■ ABOUT THIS EXERCISE ■
Bring together all lines from the listing below that contain the string "point".
··· THE DATA
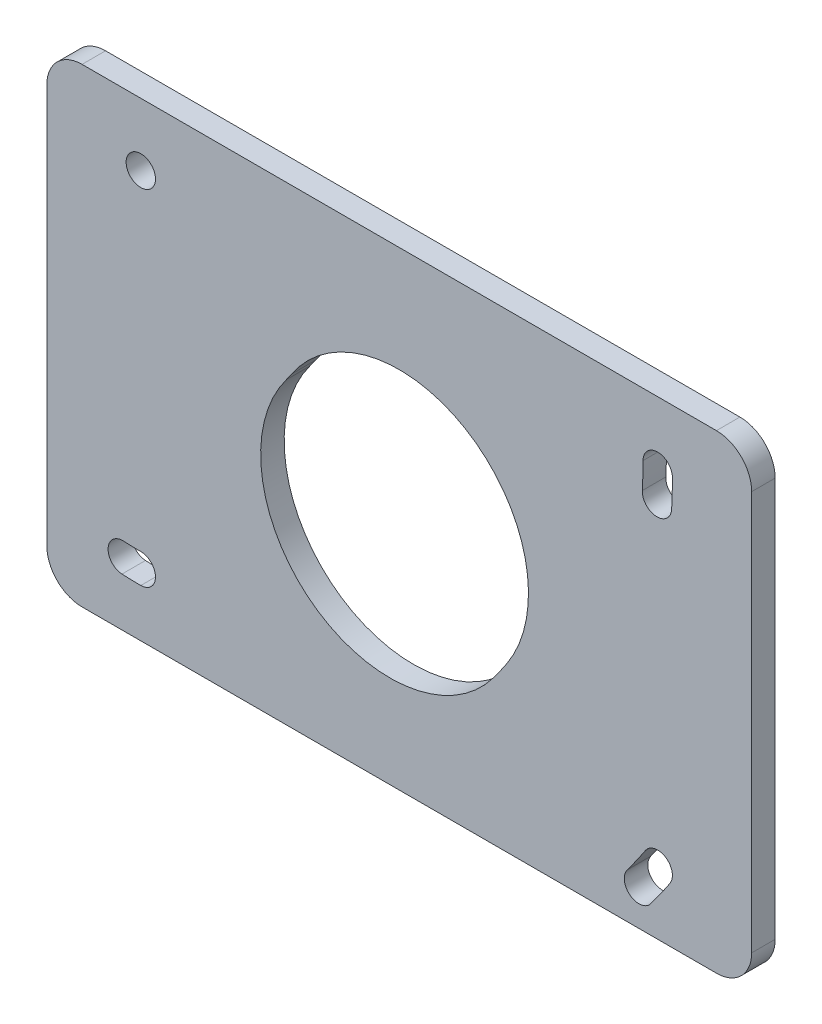
SolidWorks part; units mm, degrees
ref_plane "Płaszczyzna przednia" through (0, 0, 0) normal (0, 0, 1) x (1, 0, 0)
ref_plane "Płaszczyzna górna" through (0, 0, 0) normal (0, 1, 0) x (1, 0, 0)
ref_plane "Płaszczyzna prawa" through (0, 0, 0) normal (1, 0, 0) x (0, 0, -1)
sketch "Szkic1" plane through (0, 0, 0) normal (0, 0, 1) x (1, 0, 0)
  line L0 (-22, 14.6667) -> (-0.7977, -1.1313) construction
  line L1 (-27, -20) -> (27, -20)
  line L2 (-30, -17) -> (-30, 17)
  line L3 (-27, 20) -> (27, 20)
  line L4 (30, -17) -> (30, 17)
  line L5 (-30, -20) -> (30, 20) construction
  line L6 (-30, 20) -> (30, -20) construction
  line L7 (-22, -14.6667) -> (-22, 14.6667) construction
  line L8 (-22, 14.6667) -> (-23.5352, -14.6265) construction
  line L9 (-22, 14.6667) -> (20.4045, -16.9292) construction
  line L10 (22, 14.6667) -> (-22, 14.6667) construction
  line L11 (-22, 14.6667) -> (21.9397, 12.3639) construction
  arc A0 (27, 20) -> (30, 17) centre (27, 17) cw
  arc A1 (27, -20) -> (30, -17) centre (27, -17) ccw
  arc A2 (-27, -20) -> (-30, -17) centre (-27, -17) cw
  arc A3 (-30, 17) -> (-27, 20) centre (-27, 17) cw
  circle A4 centre (-0.7977, -1.1313) radius 11 construction
  circle A5 centre (-22, 14.6667) radius 1.25
  circle A6 centre (21.9397, 12.3639) radius 1.25 construction
  circle A7 centre (-23.5352, -14.6265) radius 1.25 construction
  circle A8 centre (20.4045, -16.9292) radius 1.25 construction
  circle A9 centre (22, -14.6667) radius 1.25 construction
  circle A10 centre (-22, -14.6667) radius 1.25 construction
  circle A11 centre (0, 0) radius 11 construction
  circle A12 centre (22, 14.6667) radius 1.25 construction
  circle A13 centre (-22, 14.6667) radius 26.4407 construction
  circle A14 centre (-22, 14.6667) radius 44 construction
  circle A15 centre (-22, 14.6667) radius 52.8814 construction
  circle A16 centre (-22, 14.6667) radius 29.3333 construction
  arc A17 (20.75, 14.6667) -> (20.6914, 12.4293) centre (-22, 14.6667) cw
  arc A18 (-22, -14.6667) -> (-23.5352, -14.6265) centre (-22, 14.6667) cw construction
  arc A19 (-23.6006, -15.8748) -> (-22, -15.9167) centre (-22, 14.6667) ccw
  arc A20 (-23.4698, -13.3782) -> (-22, -13.4167) centre (-22, 14.6667) ccw
  arc A21 (-23.4698, -13.3782) -> (-23.6006, -15.8748) centre (-23.5352, -14.6265) ccw
  arc A22 (-22, -15.9167) -> (-22, -13.4167) centre (-22, -14.6667) ccw
  arc A23 (22, 14.6667) -> (21.9397, 12.3639) centre (-22, 14.6667) cw construction
  arc A24 (23.188, 12.2985) -> (23.25, 14.6667) centre (-22, 14.6667) ccw
  arc A25 (20.6914, 12.4293) -> (20.75, 14.6667) centre (-22, 14.6667) ccw
  arc A26 (20.6914, 12.4293) -> (23.188, 12.2985) centre (21.9397, 12.3639) ccw
  arc A27 (23.25, 14.6667) -> (20.75, 14.6667) centre (22, 14.6667) ccw
  arc A28 (22, -14.6667) -> (20.4045, -16.9292) centre (-22, 14.6667) cw construction
  arc A29 (21.4069, -17.6761) -> (23.0401, -15.36) centre (-22, 14.6667) ccw
  arc A30 (19.4022, -16.1824) -> (20.9599, -13.9733) centre (-22, 14.6667) ccw
  arc A31 (19.4022, -16.1824) -> (21.4069, -17.6761) centre (20.4045, -16.9292) ccw
  arc A32 (23.0401, -15.36) -> (20.9599, -13.9733) centre (22, -14.6667) ccw
  arc A33 (0, 0) -> (-0.7977, -1.1313) centre (-22, 14.6667) cw construction
  arc A34 (8.0229, -7.7036) -> (9.1526, -6.1017) centre (-22, 14.6667) ccw
  arc A35 (-9.6184, 5.4411) -> (-9.1526, 6.1017) centre (-22, 14.6667) ccw
  arc A36 (-9.6184, 5.4411) -> (8.0229, -7.7036) centre (-0.7977, -1.1313) ccw
  arc A37 (9.1526, -6.1017) -> (-9.1526, 6.1017) centre (0, 0) ccw
  point P0 (0, 0)
  point P40 (-22.7679, -14.6566)
  point P48 (21.9849, 13.5149)
  point P55 (21.2171, -15.8084)
  point P62 (-0.3915, -0.5709)
  dimension "D3" = 3
  dimension "D4" = 2.5
  dimension "D9" = 22
  dimension "D14" = 11
  dimension "D15" = 1.25
  dimension "D16" = 1.25
  dimension "D17" = 1.25
  dimension "D1" = 60
  dimension "D2" = 40
  dimension "D5" = 8
  dimension "D6" = 8
  dimension "D7" = 8
  dimension "D8" = 8
  dimension "D10" = 3
  dimension "D11" = 3
  dimension "D12" = 3
  dimension "D13" = 3
extrude "Dodanie-wyciągnięcie1" add sketch "Szkic1" along normal blind 2 contours A3 L2 A2 L1 A1 L4 A0 L3 A37 A34 A36 A35 A32 A29 A31 A30 A27 A24 A26 A17 A22 A19 A21 A20 A5 region at (-28.6114, -18.6114, 0)
equation "\"D11@Szkic1\"=\"D10@Szkic1\""
equation "\"D12@Szkic1\"=\"D10@Szkic1\""
equation "\"D13@Szkic1\"=\"D10@Szkic1\""
······
■ EXERCISE RESPONSE ■
  point P0 (0, 0)
  point P40 (-22.7679, -14.6566)
  point P48 (21.9849, 13.5149)
  point P55 (21.2171, -15.8084)
  point P62 (-0.3915, -0.5709)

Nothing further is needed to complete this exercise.